1988
The determination of the three-dimensional structure of a photosynthetic reaction centre by Johann Deisenhofer, Robert Huber and Michel Hartmut.

1989
The discovery of catalytic properties of RNA by Sidney Altman and Thomas R. Cech.

1990
The development of the theory and methodology of organic synthesis by Elias James Corey.

1991
The contributions of Richard R. Ernst to the development of the methodology of high resolution nuclear magnetic resonance (NMR) spectroscopy.

1992
The contributions of Rudolf A. Marcus to the theory of electron transfer reactions in chemical systems.

1993
The invention by Kary B. Mullis of the polymerase chain reaction (PCR) method; the fundamental contributions of Michael Smith to the establishment of oligonucleotide-based, site-directed mutagenesis and its development for protein studies.

1994
The contribution to carbocation chemistry by George A. Olah.

1995
The work in atmospheric chemistry, particularly concerning the formation and decomposition of ozone by Paul J. Crutzen, Mario J. Molina, and Sherwood T. Rowland.

1996
The discovery of fullerenes by Robert F. Curl, Jr., Sir Harold W. Kroto, and Richard E. Smalley.

1997
The elucidation of the enzymatic mechanism underlying the synthesis of adenosine triphosphate (ATP) by Paul D. Boyer and John E. Walker and the first discovery of an ion-transporting enzyme, Na+, K+-ATPase by Jens C. Skou.

1998
The development of the density-functional theory by Walter Kohn and the development of computational methods in quantum chemistry by John A. Pople.

1999
The studies of the transition states of chemical reactions using femtosecond spectroscopy by Ahmed H. Zewail.

2000
The discovery and development of conductive polymers by Alan J. Heeger, Alan G. MacDiarmid and Hedeki Shirakawa.

2001
This year's Nobel Prize in Chemistry is about molecules that exist in two forms that are mirror images of each other. Often it is important to produce only one of these forms because the molecules, despite being so similar, have quite different functions, in our cells, for example.

2002
Living cells consist of myriads of molecules. The large molecules, which include the proteins, interact with one another and with other molecules in a never-resting molecular machinery. How can we understand what is happening inside the cell?
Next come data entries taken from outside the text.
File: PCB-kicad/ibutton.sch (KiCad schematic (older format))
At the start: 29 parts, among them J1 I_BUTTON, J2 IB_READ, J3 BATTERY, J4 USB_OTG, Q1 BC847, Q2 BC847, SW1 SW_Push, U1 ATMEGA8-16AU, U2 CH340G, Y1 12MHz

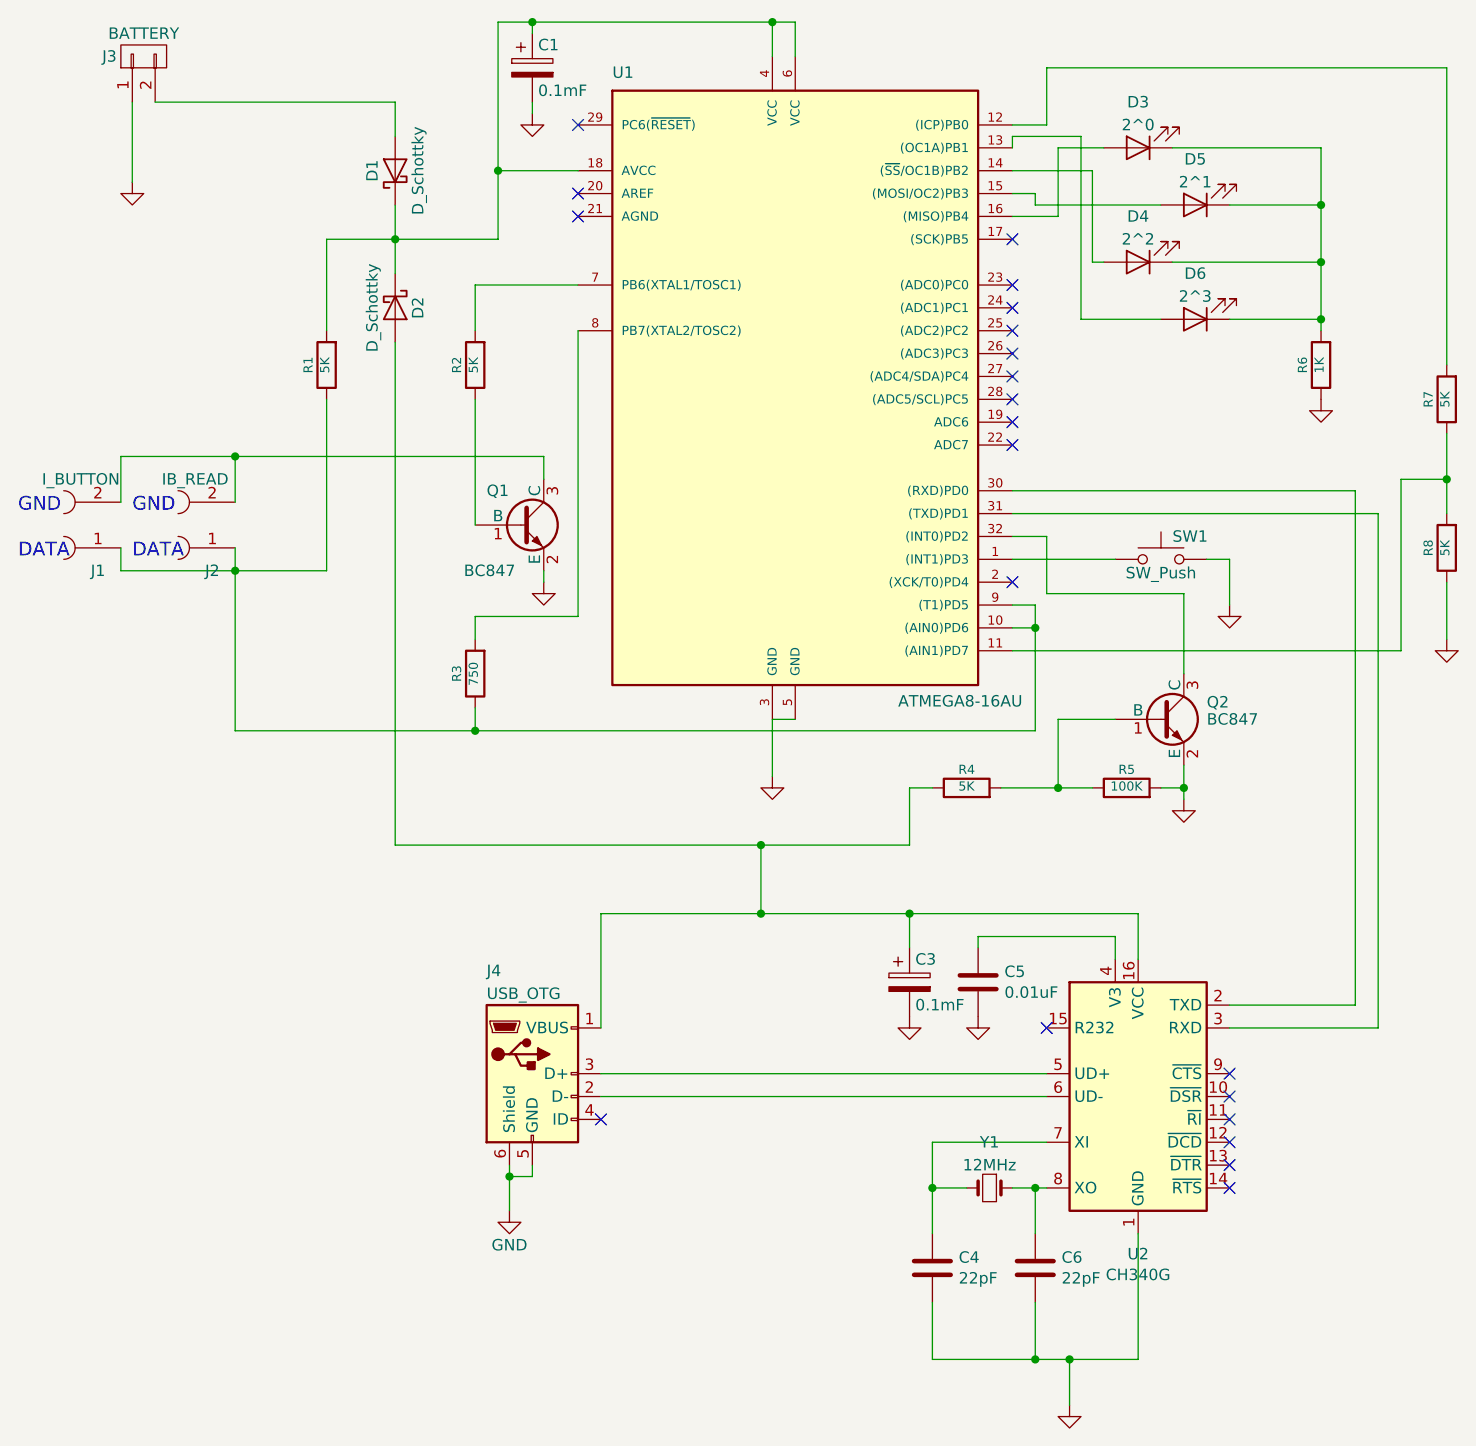
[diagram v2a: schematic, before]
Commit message: invalid footprint
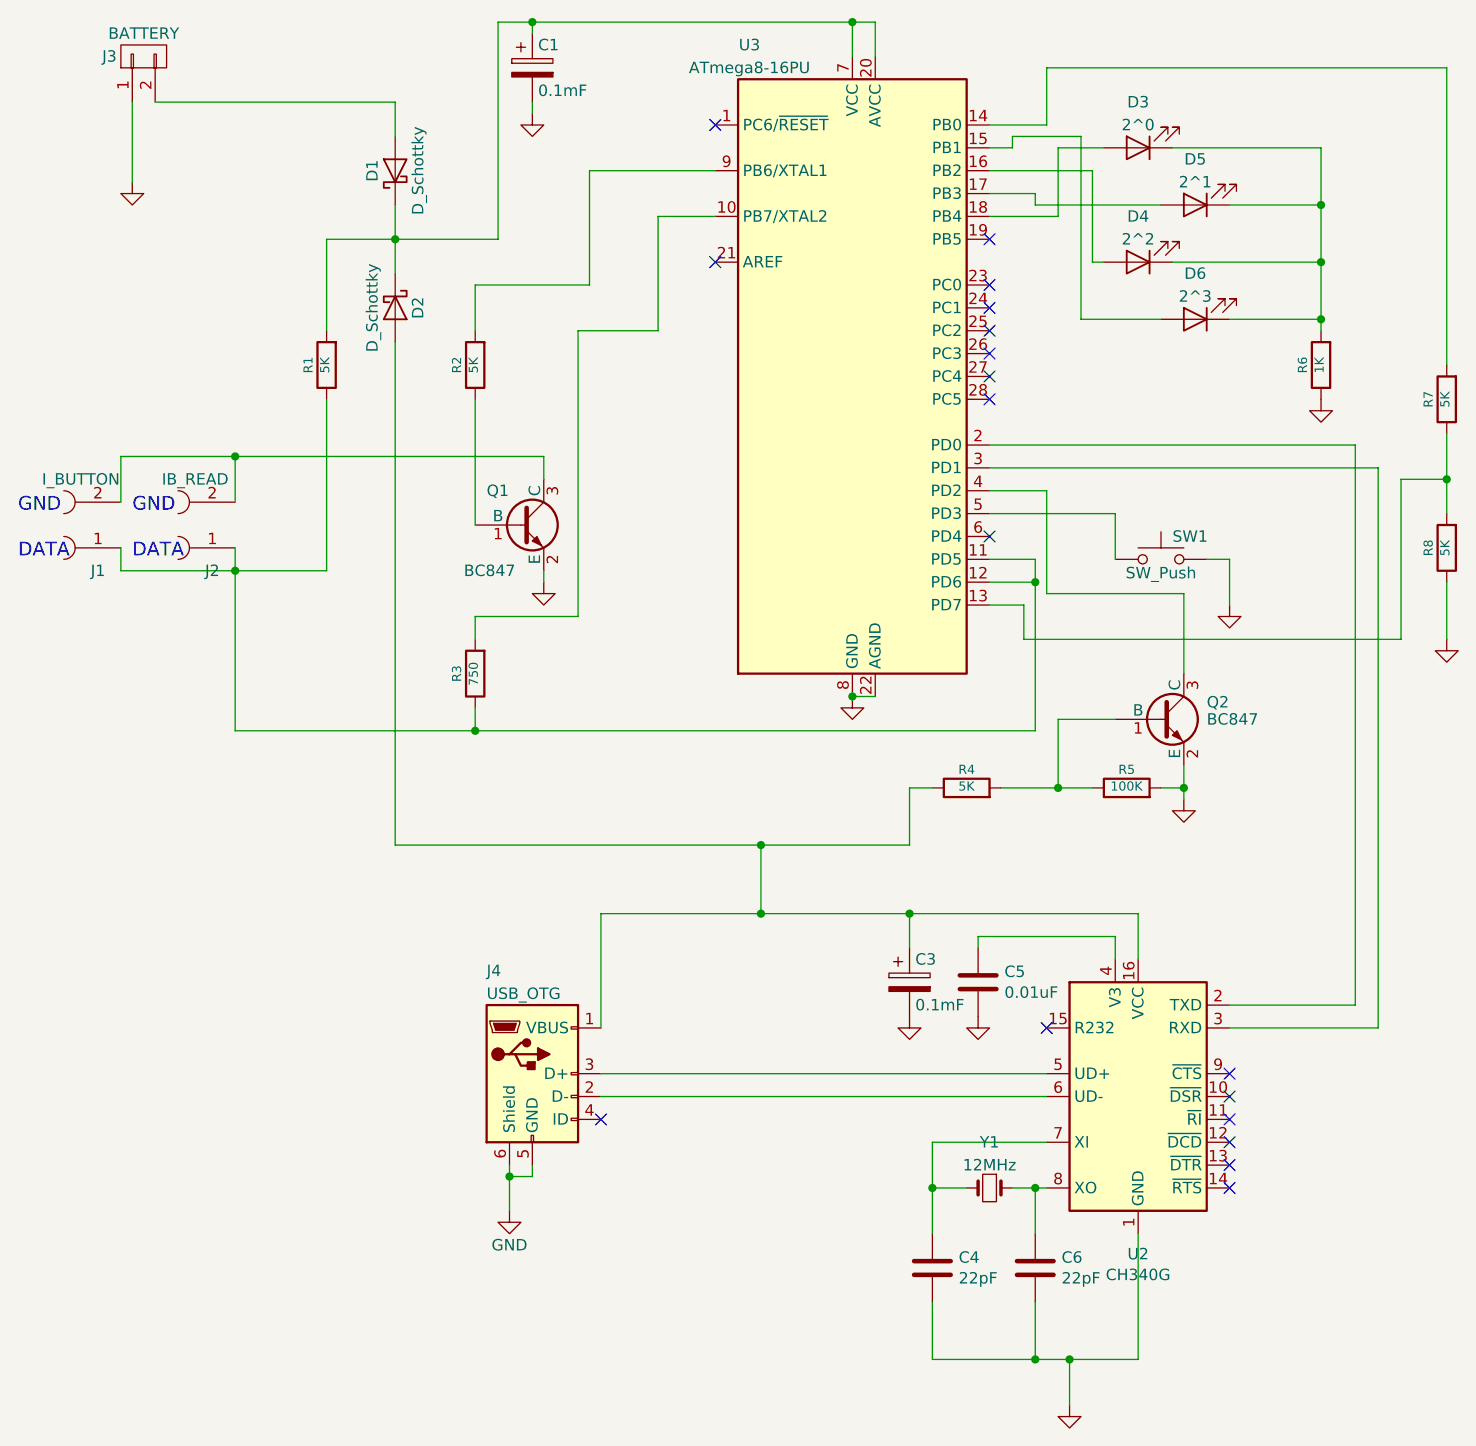
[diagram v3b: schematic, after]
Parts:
- removed U1: ATMEGA8-16AU, Package_DIP:DIP-32_W7.62mm, symbol ibutton-rescue:ATMEGA8-16AU
- added U3: ATmega8-16PU, Package_DIP:DIP-28_W7.62mm, symbol MCU_Microchip_ATmega:ATmega8-16PU
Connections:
- net GND: now also U3.22 (AGND), U3.8 (GND)
- net at R7.1, R8.2: now also U3.13 (PD7)
- net at R7.2: now also U3.14 (PB0)
- net at R2.2: now also U3.9 (PB6/XTAL1)
- net at J1.1, J2.1, R1.1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: now also U3.11 (PD5), U3.12 (PD6)
- net at C1.1, D1.1 (K), D2.1 (K)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: now also U3.20 (AVCC), U3.7 (VCC)
- net at R3.2: now also U3.10 (PB7/XTAL2)
- net at SW1.1: now also U3.5 (PD3)
- net at D6.2 (A): now also U3.15 (PB1)
- net at D4.2 (A): now also U3.16 (PB2)
- net at D5.2 (A): now also U3.17 (PB3)
- net at D3.2 (A): now also U3.18 (PB4)
- net at U2.2 (TXD): now also U3.2 (PD0)
- net at U2.3 (RXD): now also U3.3 (PD1)
- net at Q2.3 (C): now also U3.4 (PD2)
- no-connect marks 21 -> 18
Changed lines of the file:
@@
 L power:GND #PWR04
 U 1 1 52DFEEB0
-P 4900 4100
-F 0 "#PWR04" H 4900 4100 30  0001 C CNN
-F 1 "GND" H 4900 4030 30  0001 C CNN
-F 2 "" H 4900 4100 60  0000 C CNN
-F 3 "" H 4900 4100 60  0000 C CNN
-	1    4900 4100
+P 5250 3750
+F 0 "#PWR04" H 5250 3750 30  0001 C CNN
+F 1 "GND" H 5250 3680 30  0001 C CNN
+F 2 "" H 5250 3750 60  0000 C CNN
+F 3 "" H 5250 3750 60  0000 C CNN
+	1    5250 3750
 	1    0    0    -1
 $EndComp
@@
 Connection ~ 6200 6650
 Wire Wire Line
-	5950 2850 7450 2850
-Wire Wire Line
-	5950 2950 7550 2950
-Wire Wire Line
-	5950 3150 6400 3150
-Wire Wire Line
 	3250 2200 3250 4400
 Wire Wire Line
-	5000 3850 4900 3850
-Wire Wire Line
-	4900 3850 4900 4100
-Wire Wire Line
 	3250 1600 3250 1750
 Wire Wire Line
 	2950 1750 3250 1750
 Wire Wire Line
-	3700 1750 3700 1450
-Wire Wire Line
 	3700 800  3850 800
-Wire Wire Line
-	4900 800  4900 950
 Connection ~ 3250 1750
 Wire Wire Line
@@
 	6700 3300 6100 3300
 Wire Wire Line
-	6100 3300 6100 3050
-Wire Wire Line
-	6100 3050 5950 3050
-Wire Wire Line
 	5900 4150 6150 4150
 Wire Wire Line
@@
 Wire Wire Line
 	7850 3250 7850 3500
-Wire Wire Line
-	5950 3550 7650 3550
-Wire Wire Line
-	7650 3550 7650 2800
-Wire Wire Line
-	7650 2800 7850 2800
 Connection ~ 7850 2800
 Wire Wire Line
 	5500 4400 5500 4150
 Wire Wire Line
-	4050 1950 3600 1950
-Wire Wire Line
 	3600 1950 3600 2150
 Wire Wire Line
 	3600 2450 3600 3000
-Wire Wire Line
-	2550 3900 3600 3900
-Wire Wire Line
-	6050 3900 6050 3450
-Wire Wire Line
-	6050 3350 5950 3350
-Wire Wire Line
-	5950 3450 6050 3450
-Connection ~ 6050 3450
 $Comp
 L Device:R R6
@@
 Wire Wire Line
 	4050 3400 3600 3400
-Wire Wire Line
-	3700 1450 4050 1450
-Connection ~ 3700 1450
 $Comp
 L power:GND #PWR09
@@
 	6200 6650 6200 6850
 $Comp
-L ibutton-rescue:ATMEGA8-16AU U1
-U 1 1 59909598
-P 4950 2250
-F 0 "U1" H 4200 3450 50  0000 L BNN
-F 1 "ATMEGA8-16AU" H 5450 700 50  0000 L BNN
-F 2 "Package_DIP:DIP-32_W7.62mm" H 4950 2250 50  0001 C CIN
-F 3 "" H 4950 2250 50  0001 C CNN
-	1    4950 2250
-	1    0    0    -1
-$EndComp
-$Comp
 L ibutton-rescue:SW_Push SW1
 U 1 1 59909D47
@@
 Wire Wire Line
 	5500 4150 5600 4150
-Wire Wire Line
-	5000 800  5000 950
-Connection ~ 4900 800
 Wire Wire Line
 	3850 850  3850 800
@@
 Wire Wire Line
 	3900 2800 3900 2700
-Wire Wire Line
-	3900 2700 2550 2700
 Wire Wire Line
 	2050 2700 2050 2900
@@
 	7850 2800 7850 2950
 Wire Wire Line
-	6050 3450 6050 3350
-Wire Wire Line
-	3700 1450 3700 800
-Wire Wire Line
 	3750 5850 3750 6000
-Wire Wire Line
-	4900 800  5000 800
-Wire Wire Line
-	3850 800  4900 800
-Wire Wire Line
-	2550 3200 2950 3200
 Wire Wire Line
 	2550 3200 2550 3900
@@
 $EndComp
 Wire Wire Line
-	7450 2850 7450 5100
-Wire Wire Line
-	7550 2950 7550 5200
-Wire Wire Line
 	6500 6100 6500 6650
 Wire Wire Line
@@
 	5500 4700 6500 4700
 Wire Wire Line
-	5950 1250 6100 1250
-Wire Wire Line
 	6100 1250 6100 1000
 $Comp
@@
 Wire Wire Line
 	6250 2100 6600 2100
-NoConn ~ 5950 3250
+NoConn ~ 5850 3050
 NoConn ~ 4150 5600
-NoConn ~ 4050 1550
-NoConn ~ 4050 1650
-NoConn ~ 4050 1250
-NoConn ~ 5950 2650
-NoConn ~ 5950 2550
-NoConn ~ 5950 2450
-NoConn ~ 5950 2350
-NoConn ~ 5950 2250
-NoConn ~ 5950 2150
-NoConn ~ 5950 2050
-NoConn ~ 5950 1950
-NoConn ~ 5950 1750
+NoConn ~ 4650 1250
+NoConn ~ 5850 2450
+NoConn ~ 5850 2350
+NoConn ~ 5850 2250
+NoConn ~ 5850 2150
+NoConn ~ 5850 2050
+NoConn ~ 5850 1950
+NoConn ~ 5850 1750
 Wire Wire Line
 	6350 1350 6150 1350
@@
 	6150 1350 6150 1650
 Wire Wire Line
-	6150 1650 5950 1650
-Wire Wire Line
 	6600 1600 6050 1600
 Wire Wire Line
 	6050 1600 6050 1550
-Wire Wire Line
-	6050 1550 5950 1550
-Wire Wire Line
-	6300 1450 5950 1450
 Wire Wire Line
 	6300 1450 6300 1850
@@
 Wire Wire Line
 	4850 4400 5500 4400
+$Comp
+L MCU_Microchip_ATmega:ATmega8-16PU U3
+U 1 1 5EB77FFF
+P 5250 2350
+F 0 "U3" H 4800 3800 50  0000 C CNN
+F 1 "ATmega8-16PU" H 4800 3700 50  0000 C CNN
+F 2 "Package_DIP:DIP-28_W7.62mm" H 5250 2350 50  0001 C CIN
+F 3 "http://ww1.microchip.com/downloads/en/DeviceDoc/atmel-2486-8-bit-avr-microcontroller-atmega8_l_datasheet.pdf" H 5250 2350 50  0001 C CNN
+	1    5250 2350
+	1    0    0    -1
+$EndComp
+Wire Wire Line
+	5850 1250 6100 1250
+Wire Wire Line
+	5850 1350 5950 1350
+Wire Wire Line
+	5850 1450 6300 1450
+Wire Wire Line
+	5850 1550 6050 1550
+Wire Wire Line
+	5850 1650 6150 1650
+Wire Wire Line
+	7450 2650 5850 2650
+Wire Wire Line
+	7450 2650 7450 5100
+Wire Wire Line
+	7550 2750 5850 2750
+Wire Wire Line
+	7550 2750 7550 5200
+Wire Wire Line
+	6100 2850 5850 2850
+Wire Wire Line
+	6100 2850 6100 3300
+Wire Wire Line
+	6400 3150 6400 2950
+Wire Wire Line
+	6400 2950 5850 2950
+Wire Wire Line
+	6050 3150 5850 3150
+Wire Wire Line
+	2550 3900 3600 3900
+Wire Wire Line
+	2550 2700 3900 2700
+Wire Wire Line
+	2550 3200 2950 3200
+Wire Wire Line
+	6050 3150 6050 3250
+Wire Wire Line
+	5850 3250 6050 3250
+Connection ~ 6050 3250
+Wire Wire Line
+	6050 3250 6050 3900
+Wire Wire Line
+	7650 2800 7850 2800
+Wire Wire Line
+	5850 3350 6000 3350
+Wire Wire Line
+	6000 3350 6000 3500
+Wire Wire Line
+	6000 3500 7650 3500
+Wire Wire Line
+	7650 3500 7650 2800
+Wire Wire Line
+	5350 3750 5250 3750
+Connection ~ 5250 3750
+Wire Wire Line
+	4100 1950 4100 1450
+Wire Wire Line
+	4100 1450 4650 1450
+Wire Wire Line
+	3600 1950 4100 1950
+Wire Wire Line
+	4050 2150 4400 2150
+Wire Wire Line
+	4400 2150 4400 1650
+Wire Wire Line
+	4400 1650 4650 1650
+Wire Wire Line
+	3700 800  3700 1750
+Wire Wire Line
+	5250 800  5250 950
+Wire Wire Line
+	3850 800  5250 800
+Wire Wire Line
+	5250 800  5350 800
+Wire Wire Line
+	5350 800  5350 950
+Connection ~ 5250 800
+NoConn ~ 4650 1850
 $EndSCHEMATC

One important step is to develop tools to "see" with, and this is what this year's Nobel Laureates in Chemistry have done.

2003
Salt and water are important actors in the chemistry of life. Life on earth, and our own lives, originated in salt water – in the oceans and in the womb. Yet only fairly recently have we understood how water molecules and salt ions are transported in and out through the cell walls.